Es ist wieder soweit, Wochenende oder besser gesagt: Zeit für einen Weekender.
Bei dem Frühlingseinbruch im Spätwinter, kommen die Erinnerungen an den längst vergangenen Herbst. Mir brummte der Kopf von der Arbeitswoche im Büro und das Kellerkind Alex musste auch mal wieder an die frische Luft. Wie der Zufall es will, war auch endlich die Heckküche für unseren Go-Outdoor fertig geworden. Der ideale Zeitpunkt also den Dachzeltcamper etwas auszuführen. Bei so vielen schönen Orten in der Schweiz hat man lediglich die Qual der Wahl, wohin es gehen soll. Wir zumindest redeten schon seit Wochen über den Klausenpass, der den Glarus von den Urkantonen trennt. Also nichts wie hin, bevor Frau Holle ihn für sich beansprucht!
Morgenstund hat gold im Mund
Da wir am Freitag noch bis in die Nacht in der Werkstatt gewerkelt haben, brechen wir zu unserem Weekender zu einer unmenschlichen Zeit um 5 Uhr morgens auf. Die Straßen sind leer und nur der Sternenhimmel funkelt uns von oben an. Die ersten Kurven des Klausenpasses meistern wir in Dunkelheit. Doch sobald wir Unterschächen passieren, hellt sich der Horizont auf und die Umrisse der imposanten Berglandschaft geben sich zu erkennen. Als wir die Klausenpasshöhe erreichen, schlafen die Welt und vor allem ein paar Camper noch und wir rollen gemütlich Richtung Linthal weiter.
Freizeiteldorado Braunwald
Braunwald ist eine kleine Enklave im Glarus, die hoch über dem Tal (so gut wie) autofrei funktioniert. Die Infrastruktur ist für Camper auch ideal, da man direkt am Bahnhof legal stehen darf und lediglich in die Standseilbahn stolpern muss. Wir haben sowohl unsere Gleitschirme als auch das Klettersteigset gepackt, wobei wir das erstere vermutlich an der Bergstation Gumen deponieren wollen. Die Kombibahn fährt um die Uhrzeit noch nicht und der Erlebnispfad bergauf ist uns sowieso lieber. Somit trotten wir in einer besinnlichen Stille den ebenfalls für Mountainbiker freigegebenen Wanderweg Richtung Berg und geniessen den spürbaren Moment, wenn man aus dem Schattten in die Fast-Wintersonne aufsteigt.
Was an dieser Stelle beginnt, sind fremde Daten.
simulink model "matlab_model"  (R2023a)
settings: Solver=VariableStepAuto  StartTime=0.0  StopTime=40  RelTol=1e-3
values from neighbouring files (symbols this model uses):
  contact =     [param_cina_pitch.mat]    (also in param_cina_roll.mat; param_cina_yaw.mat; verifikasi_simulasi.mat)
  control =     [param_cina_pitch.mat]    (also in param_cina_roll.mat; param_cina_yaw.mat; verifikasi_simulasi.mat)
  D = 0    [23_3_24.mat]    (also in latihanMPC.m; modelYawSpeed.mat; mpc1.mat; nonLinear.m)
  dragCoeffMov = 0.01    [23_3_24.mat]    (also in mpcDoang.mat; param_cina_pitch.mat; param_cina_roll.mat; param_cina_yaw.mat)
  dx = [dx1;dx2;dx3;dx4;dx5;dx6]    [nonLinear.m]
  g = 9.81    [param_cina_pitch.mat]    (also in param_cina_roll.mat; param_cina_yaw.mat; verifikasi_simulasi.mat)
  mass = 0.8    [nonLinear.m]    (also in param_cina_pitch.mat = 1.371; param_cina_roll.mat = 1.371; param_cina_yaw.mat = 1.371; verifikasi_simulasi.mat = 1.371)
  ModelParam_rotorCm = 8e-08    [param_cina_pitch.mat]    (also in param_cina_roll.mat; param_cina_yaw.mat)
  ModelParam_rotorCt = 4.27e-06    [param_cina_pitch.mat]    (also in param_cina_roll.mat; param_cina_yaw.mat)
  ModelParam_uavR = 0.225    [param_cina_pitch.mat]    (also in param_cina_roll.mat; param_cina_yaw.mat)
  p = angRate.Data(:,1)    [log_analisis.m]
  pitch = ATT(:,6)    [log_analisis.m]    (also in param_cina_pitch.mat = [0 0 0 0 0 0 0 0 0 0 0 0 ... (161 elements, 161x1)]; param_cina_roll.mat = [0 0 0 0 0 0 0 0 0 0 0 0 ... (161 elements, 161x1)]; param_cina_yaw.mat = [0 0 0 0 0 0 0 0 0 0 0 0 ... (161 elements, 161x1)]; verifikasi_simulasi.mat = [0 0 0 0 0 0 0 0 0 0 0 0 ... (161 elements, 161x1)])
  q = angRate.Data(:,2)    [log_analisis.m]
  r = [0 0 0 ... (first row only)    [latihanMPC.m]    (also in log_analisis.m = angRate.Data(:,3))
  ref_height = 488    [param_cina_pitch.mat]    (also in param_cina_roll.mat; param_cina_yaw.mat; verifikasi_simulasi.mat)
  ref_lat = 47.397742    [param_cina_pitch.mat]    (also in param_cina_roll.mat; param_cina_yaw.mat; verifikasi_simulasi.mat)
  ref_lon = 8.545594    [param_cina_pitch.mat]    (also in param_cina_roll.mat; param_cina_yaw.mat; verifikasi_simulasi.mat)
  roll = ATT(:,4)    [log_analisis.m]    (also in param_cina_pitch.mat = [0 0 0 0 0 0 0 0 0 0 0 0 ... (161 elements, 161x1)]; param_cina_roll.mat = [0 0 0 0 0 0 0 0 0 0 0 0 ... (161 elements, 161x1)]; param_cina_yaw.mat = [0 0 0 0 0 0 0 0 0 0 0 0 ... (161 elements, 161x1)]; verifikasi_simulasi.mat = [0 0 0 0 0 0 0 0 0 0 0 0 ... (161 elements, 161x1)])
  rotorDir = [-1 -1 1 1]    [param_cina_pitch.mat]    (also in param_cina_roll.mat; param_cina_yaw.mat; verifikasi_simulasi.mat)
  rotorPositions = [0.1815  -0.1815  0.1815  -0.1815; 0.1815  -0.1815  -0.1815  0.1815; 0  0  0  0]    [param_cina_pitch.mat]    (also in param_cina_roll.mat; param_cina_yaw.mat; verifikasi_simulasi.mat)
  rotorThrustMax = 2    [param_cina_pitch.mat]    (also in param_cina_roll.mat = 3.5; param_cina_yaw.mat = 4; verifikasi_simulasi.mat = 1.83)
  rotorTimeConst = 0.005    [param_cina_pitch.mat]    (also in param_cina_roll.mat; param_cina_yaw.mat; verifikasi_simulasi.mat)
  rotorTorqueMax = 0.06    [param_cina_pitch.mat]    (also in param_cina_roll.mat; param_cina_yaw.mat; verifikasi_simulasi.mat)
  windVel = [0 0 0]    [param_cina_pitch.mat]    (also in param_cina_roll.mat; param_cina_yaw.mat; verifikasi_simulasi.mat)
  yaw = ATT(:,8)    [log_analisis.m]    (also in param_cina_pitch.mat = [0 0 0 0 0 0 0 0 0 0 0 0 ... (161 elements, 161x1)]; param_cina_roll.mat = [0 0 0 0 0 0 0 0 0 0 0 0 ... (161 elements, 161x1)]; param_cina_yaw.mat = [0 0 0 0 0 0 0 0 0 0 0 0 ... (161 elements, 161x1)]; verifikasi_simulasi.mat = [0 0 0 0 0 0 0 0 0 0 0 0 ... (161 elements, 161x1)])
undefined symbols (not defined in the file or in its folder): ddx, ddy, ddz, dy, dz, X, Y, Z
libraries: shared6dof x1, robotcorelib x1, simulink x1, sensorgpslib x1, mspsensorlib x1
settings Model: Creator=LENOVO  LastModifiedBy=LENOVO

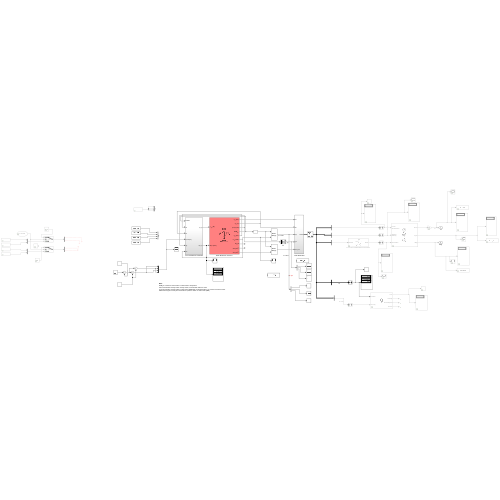
[thumbnail: Simulink's stored preview of the top-level diagram]
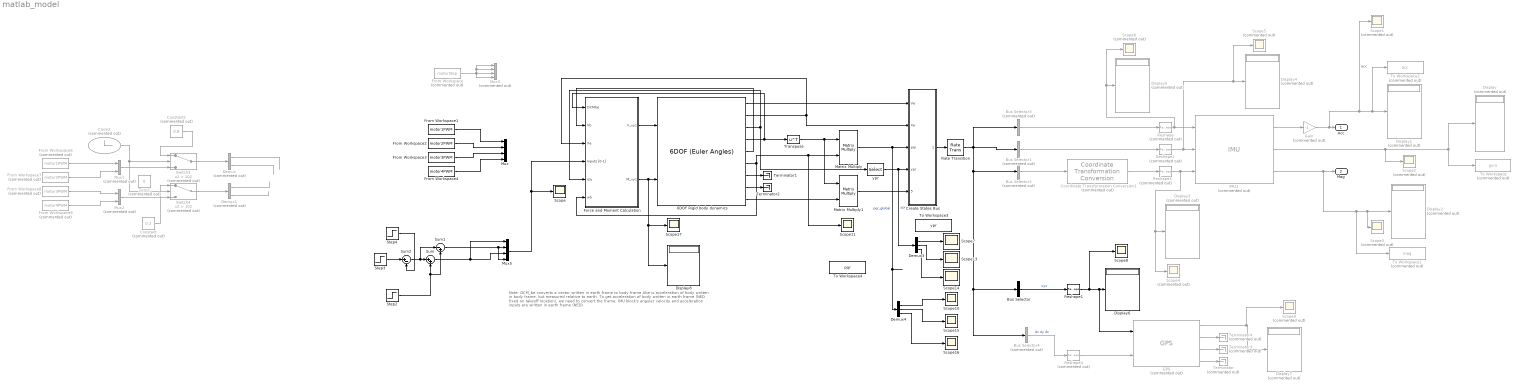
== system matlab_model ==
  note: Note:
      | DCM_be converts a vector written in earth frame to body frame
      | Abe is acceleration of body written in body frame, but measured relative to earth.
      | To get acceleration of body written in earth frame (NED fixed on takeoff location), we need to convert the frame.
      | IMU block's angular velocity and acceleration inputs are written in earth frame (NED)
  "6DOF Rigid body dynamics " : shared6dof/6DOF (Euler Angles)  units=Metric (MKS)  mtype=Fixed  rep=Quaternion  xme_0=[0,0,0]  Vm_0=init.vb  eul_0=[0;0;0]  pm_0=init.angRates  mass_0=mass  mass_e=0.5  mass_f=2.0  inertia=inertia  inertia_e=eye(3)  inertia_f=2*eye(3)  k_quat=1  vre_flag=on  abi_flag=on  aMode=aMode  xme_statename=''  Vm_statename=''  eul_statename=''  quat_statename=''  pm_statename=''  mass_statename=''
  Bus Selector : BusSelector  OutputSignals=X,Y,Z  OutputAsBus=on
  Bus Selector1 : BusSelector  Commented=on  OutputSignals=p,q,r  OutputAsBus=on
  Bus Selector2 : BusSelector  Commented=on  OutputSignals=yaw,pitch,roll  OutputAsBus=on
  Bus Selector3 : BusSelector  Commented=on  OutputSignals=ddx,ddy,ddz  OutputAsBus=on
  Bus Selector4 : BusSelector  Commented=on  OutputSignals=dx,dy,dz  OutputAsBus=on
  Clock2 : Clock  Commented=on
  Constant : Constant  Commented=on  Value=0.2
  Constant1 : Constant  Commented=on  Value=0.8
  Coordinate Transformation Conversion1 : robotcorelib/Coordinate Transformation Conversion  Commented=on  InputRepresentation=Euler Angles  InputEulerSequence=ZYX  ShowTrVecInputPort=on  OutputRepresentation=Quaternion  OutputEulerSequence=ZYX  ShowTrVecOutputPort=on  SimulateUsing=Interpreted execution
  Create States Bus : Subsystem
  Demux : Demux  Commented=on  Outputs=2
  Demux1 : Demux  Commented=on  Outputs=2
  Demux3 : Demux  Outputs=3
  Demux4 : Demux  Outputs=3
  Display{,1..5,7} (7 alike) : Display  Commented=on
  Display6 : Display
  Display8 : Display
  Force and Moment Calculation : Subsystem
  From Workspace : FromWorkspace  Commented=on  VariableName=motorStep
  From Workspace1 : FromWorkspace  VariableName=motor1PWM  SampleTime=0.25
  From Workspace2 : FromWorkspace  VariableName=motor2PWM  SampleTime=0.25
  From Workspace3 : FromWorkspace  VariableName=motor3PWM  SampleTime=0.25
  From Workspace4 : FromWorkspace  VariableName=motor4PWM  SampleTime=0.25
  From Workspace6 : FromWorkspace  Commented=on  VariableName=motor1PWM  SampleTime=0.01
  From Workspace7 : FromWorkspace  Commented=on  VariableName=motor2PWM  SampleTime=0.01
  From Workspace8 : FromWorkspace  Commented=on  VariableName=motor3PWM  SampleTime=0.01
  From Workspace9 : FromWorkspace  Commented=on  VariableName=motor4PWM  SampleTime=0.01
  GPS : sensorgpslib/GPS  Commented=on  DispRefFrame=NED  PositionInputFormat=Local  ReferenceLocation=[ref_lat ref_lon ref_height]  HorizontalPositionAccuracy=0.01  VerticalPositionAccuracy=0.01  VelocityAccuracy=0.01  DecayFactor=0.99  SeedDouble=67  SimulateUsing=Interpreted execution
      settings: LibrarySourceBlock=mspsensorlib/GPS
  Gain : Gain  Commented=on  Gain=-1
  IMU1 : mspsensorlib/IMU  Commented=on  DispRefFrame=NED  Temperature=25  MagneticFieldNED=[21.5 1.16 43.1]  MagneticFieldENU=[ -2.4169, 27.5550, 16.0849 ]  SeedDouble=87254  SimulateUsing=Interpreted execution  AccelParamsMeasurementRange=Inf  AccelParamsResolution=0  AccelParamsConstantBias=[ 0, 0, 0 ]  AccelParamsAxesMisalignment=[ 0, 0, 0 ]  AccelParamsNoiseDensity=0.0003  AccelParamsBiasInstability=[ 0, 0, 0 ]  AccelParamsRandomWalk=[ 0, 0, 0 ]  AccelParamsTemperatureBias=[ 0, 0, 0 ]  AccelParamsTemperatureScaleFactor=[ 0, 0, 0 ]  GyroParamsMeasurementRange=Inf  GyroParamsResolution=0  GyroParamsConstantBias=[ 0, 0, 0 ]  GyroParamsAxesMisalignment=[ 0, 0, 0 ]  GyroParamsAccelerationBias=0.0001  GyroParamsNoiseDensity=0.01  GyroParamsBiasInstability=[ 0, 0, 0 ]  GyroParamsRandomWalk=[ 0, 0, 0 ]  GyroParamsTemperatureBias=[ 0, 0, 0 ]  GyroParamsTemperatureScaleFactor=[ 0, 0, 0 ]  MagParamsMeasurementRange=Inf  MagParamsResolution=0  MagParamsConstantBias=[ 0, 0, 0 ]  MagParamsAxesMisalignment=[ 0, 0, 0 ]  MagParamsNoiseDensity=0.0005  MagParamsBiasInstability=[ 0, 0, 0 ]  MagParamsRandomWalk=[ 0, 0, 0 ]  MagParamsTemperatureBias=[ 0, 0, 0 ]  MagParamsTemperatureScaleFactor=[ 0, 0, 0 ]
  Matrix Multiply : Product  Multiplication=Matrix(*)
  Matrix Multiply1 : Product  Multiplication=Matrix(*)
  Mux : Mux
  Mux1 : Mux  Commented=on  Inputs=2
  Mux2 : Mux  Commented=on  Inputs=2
  Mux3 : Mux  Commented=on
  Mux5 : Mux
  Rate Transition : RateTransition  OutPortSampleTime=0.01
  Reshape{,2..4} (4 alike) : Reshape  Commented=on  OutputDimensionality=Row vector (2-D)
  Reshape1 : Reshape  OutputDimensionality=Row vector (2-D)
  Scope{,7..8,10..11,13..17} (10 alike) : Scope
  Scope{1..6,9} (7 alike) : Scope  Commented=on
  Step2 : Step  Time=0  After=0.9  SampleTime=0.25
  Step3 : Step  Time=10  After=0.01  SampleTime=0.25
  Step4 : Step  Time=11  After=0.01  SampleTime=0.25
  Sum : Sum  Inputs=|++
  Sum1 : Sum  Inputs=|-+
  Sum2 : Sum  Inputs=|+-
  Switch3 : Switch  Commented=on  Criteria=u2 > Threshold  Threshold=102  SaturateOnIntegerOverflow=off  InputSameDT=off
  Switch4 : Switch  Commented=on  Criteria=u2 > Threshold  Threshold=102  SaturateOnIntegerOverflow=off  InputSameDT=off
  Terminator : Terminator  Commented=on
  Terminator1 : Terminator
  Terminator2 : Terminator
  Terminator3 : Terminator  Commented=on
  Terminator4 : Terminator  Commented=on
  To Workspace : ToWorkspace  Commented=on  VariableName=gyro  SaveFormat=Timeseries  SampleTime=0.25
  To Workspace1 : ToWorkspace  Commented=on  VariableName=mag  SaveFormat=Timeseries  SampleTime=0.25
  To Workspace2 : ToWorkspace  Commented=on  VariableName=acc  SaveFormat=Timeseries  SampleTime=0.25
  To Workspace3 : ToWorkspace  VariableName=ypr  SaveFormat=Timeseries  SampleTime=0.25
  To Workspace4 : ToWorkspace  VariableName=pqr  SaveFormat=Timeseries  SampleTime=0.25
  Transpose : Math  Operator=transpose
  Zero1 : Constant  Commented=on  Value=0  OutDataTypeStr=Inherit: Inherit via back propagation
  ypr : Selector  InputPortWidth=3  IndexOptions=Index vector (dialog)  Indices=[3 2 1]  OutputSizes=1
  Acc : Outport
  Mag : Outport  Port=2
  wires:
  Force and Moment Calculation/2(M_xyz) -> Display8/1, Scope17/1, "6DOF Rigid body dynamics "/2
  Matrix Multiply/1 -> Demux4/1, Create States Bus/3(pqr)  "pqr_global"
  "6DOF Rigid body dynamics "/4 -> Force and Moment Calculation/1(DCMbe), Transpose/1
  "6DOF Rigid body dynamics "/3 -> Force and Moment Calculation/5(rpy), ypr/1
  "6DOF Rigid body dynamics "/5 -> Force and Moment Calculation/2(Vb)
  "6DOF Rigid body dynamics "/8 -> Terminator2/1
  "6DOF Rigid body dynamics "/7 -> Terminator1/1
  Transpose/1 -> Matrix Multiply1/1, Matrix Multiply/1
  ypr/1 -> Demux3/1, Create States Bus/4(ypr)  "ypr"
  "6DOF Rigid body dynamics "/9 -> Matrix Multiply1/2
  Force and Moment Calculation/1(F_xyz) -> "6DOF Rigid body dynamics "/1
  "6DOF Rigid body dynamics "/6 -> Scope11/1, Matrix Multiply/2, Force and Moment Calculation/6(wb)
  "6DOF Rigid body dynamics "/2 -> Create States Bus/2(Xe), Force and Moment Calculation/3(Xe)
  IMU1/2 -> Scope2/1, To Workspace/1, Display/1
  Gain/1 -> Scope1/1, To Workspace2/1, Display1/1, Acc/1  "acc"
  Reshape2/1 -> Scope5/1, Display4/1, IMU1/2
  Bus Selector2/1 -> Coordinate Transformation Conversion1/1
  Coordinate Transformation Conversion1/1 -> Reshape3/1
  Bus Selector1/1 -> Reshape2/1
  IMU1/3 -> To Workspace1/1, Scope3/1, Display2/1, Mag/1
  IMU1/1 -> Gain/1
  Bus Selector3/1 -> Reshape/1
  Reshape3/1 -> Scope4/1, Display3/1, IMU1/3
  "6DOF Rigid body dynamics "/1 -> Create States Bus/1(Ve)
  Matrix Multiply1/1 -> Create States Bus/5(acc_lnav)
  Create States Bus/1(States) -> Rate Transition/1
  Reshape/1 -> Scope6/1, Display5/1, IMU1/1
  Rate Transition/1 -> Bus Selector2/1, Bus Selector/1, Bus Selector4/1, Bus Selector1/1, Bus Selector3/1
  Bus Selector/1 -> Reshape1/1  "xyz"
  From Workspace6/1 -> Mux1/1
  From Workspace7/1 -> Mux1/2
  From Workspace8/1 -> Mux2/1
  From Workspace9/1 -> Mux2/2
  Mux1/1 -> Switch3/3
  Clock2/1 -> Switch4/2, Switch3/2
  Mux2/1 -> Switch4/3
  Switch3/1 -> Demux/1
  Switch4/1 -> Demux1/1
  Demux1/1 -> ?
  Demux1/2 -> ?
  Demux/1 -> ?
  Demux/2 -> ?
  Reshape1/1 -> Scope8/1, GPS/1, Display6/1
  Bus Selector4/1 -> Reshape4/1  "dx dy dz"
  Reshape4/1 -> GPS/2
  GPS/4 -> Terminator/1
  GPS/3 -> Terminator3/1
  GPS/2 -> Terminator4/1
  GPS/1 -> Scope9/1, Display7/1
  Constant/1 -> Switch4/1
  Constant1/1 -> Switch3/1
  From Workspace1/1 -> Mux/1
  From Workspace2/1 -> Mux/2
  From Workspace3/1 -> Mux/3
  From Workspace4/1 -> Mux/4
  From Workspace/1 -> Mux3/1, Mux3/2, Mux3/4, Mux3/3
  Demux3/2 -> Scope13/1
  Demux3/3 -> Scope14/1
  Demux3/1 -> Scope7/1
  Demux4/1 -> Scope10/1
  Demux4/2 -> Scope15/1
  Demux4/3 -> Scope16/1
  Step3/1 -> Sum2/1
  Sum1/1 -> Mux5/4, Mux5/2
  Step2/1 -> Sum1/2, Sum/2
  Sum2/1 -> Sum1/1, Sum/1
  Sum/1 -> Mux5/1, Mux5/3
  Step4/1 -> Sum2/2
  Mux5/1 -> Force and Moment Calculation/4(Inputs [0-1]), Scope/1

Föhn oder nicht Föhn, das ist hier die Frage
Wer in den Bergen lebt, kennt das Phänomen: Föhn. Und ich meine hier nicht das praktische Haarpflegeutensil mit 230 V-Anschluss und bestimmt 2000 W Leistung, das in einem Camper etwas Fehl am Platz wirkt. Ich meine die Wetterkonstellation, wenn es zwischen Süd- und Nordalpenseite einen Druckunterschied gibt, der je nach dem bei Südföhn z.B. zu stürmisch-heissen Winden auf der Nordseite führen kann, während der Süden in einer dunklen regnerischen Staubewölkung versinkt. Ein Indikator für Föhn ist hierbei eine Druckdifferenz von ca. 4 hPa zwischen Zürich und Lugano oder Innsbruck und Bozen. Jedoch spielen so viele andere geoklimatische Faktoren eine Rolle für die Ausprägung eines Föhn, so dass Föhn nicht gleich Föhn ist. Beim Wandern muss man sich in der Regel wenig Gedanken machen, doch ist der Föhn für Gleitschirmflieger ein natürlicher Feind. Und uns erwartete an dem wunderschönen sonnigen Tag vielleicht ein Föhn mit rund 4 hPa, aber vielleicht wird es auch nur ein leichter Südwind?
Zeitsprünge
Beim Zustieg zum Klettersteig Eggstöcke entdecke ich auf der Karte noch eine Biwakschachtel und frage mich: warum nicht von dort mit dem Gleitschirm starten? Kurzer Hand entscheiden wir uns die Schirme beim Klettern mitzunehmen. Kurz vor dem Einstieg in die Wand treffen wir noch drei lokale Piloten, die sich zum Start vom offiziellen Startplatz vorbereiten. Was sie denn von der Föhnprognose halten, frage ich sie. Der eine zuckt mit den Schultern und meint nur: früher wären wir nie auf die Idee gekommen bei dem Wetter ans Fliegen zu denken! Das stimmt, denke ich mir. Früher wurde unser Nachbarn in der lokalen Zeitung gefeiert, weil er kaum 20 km vom Tegelberg zum Breitenberg geflogen ist! Und jetzt? Jetzt werden Rekorde von Hunderten von Kilometern geknackt und das gefühlt im Wochentakt. Ich denke, dass sich einerseits die Technik natürlich stark weiterentwickelt hat. Andererseits steht die vernetzte Welt in einem konstanten Wettbewerb, die die Leute immer wieder an ihre Grenzen treibt. Doch ich glaube, dass wir in unserem trögen Alltag uns einfach immer wieder nach dem Nervenkitzel sehnen und entsprechend Risiken in Kauf nehmen, für den früher allein der Anblick der Zugspitze gereicht hätte.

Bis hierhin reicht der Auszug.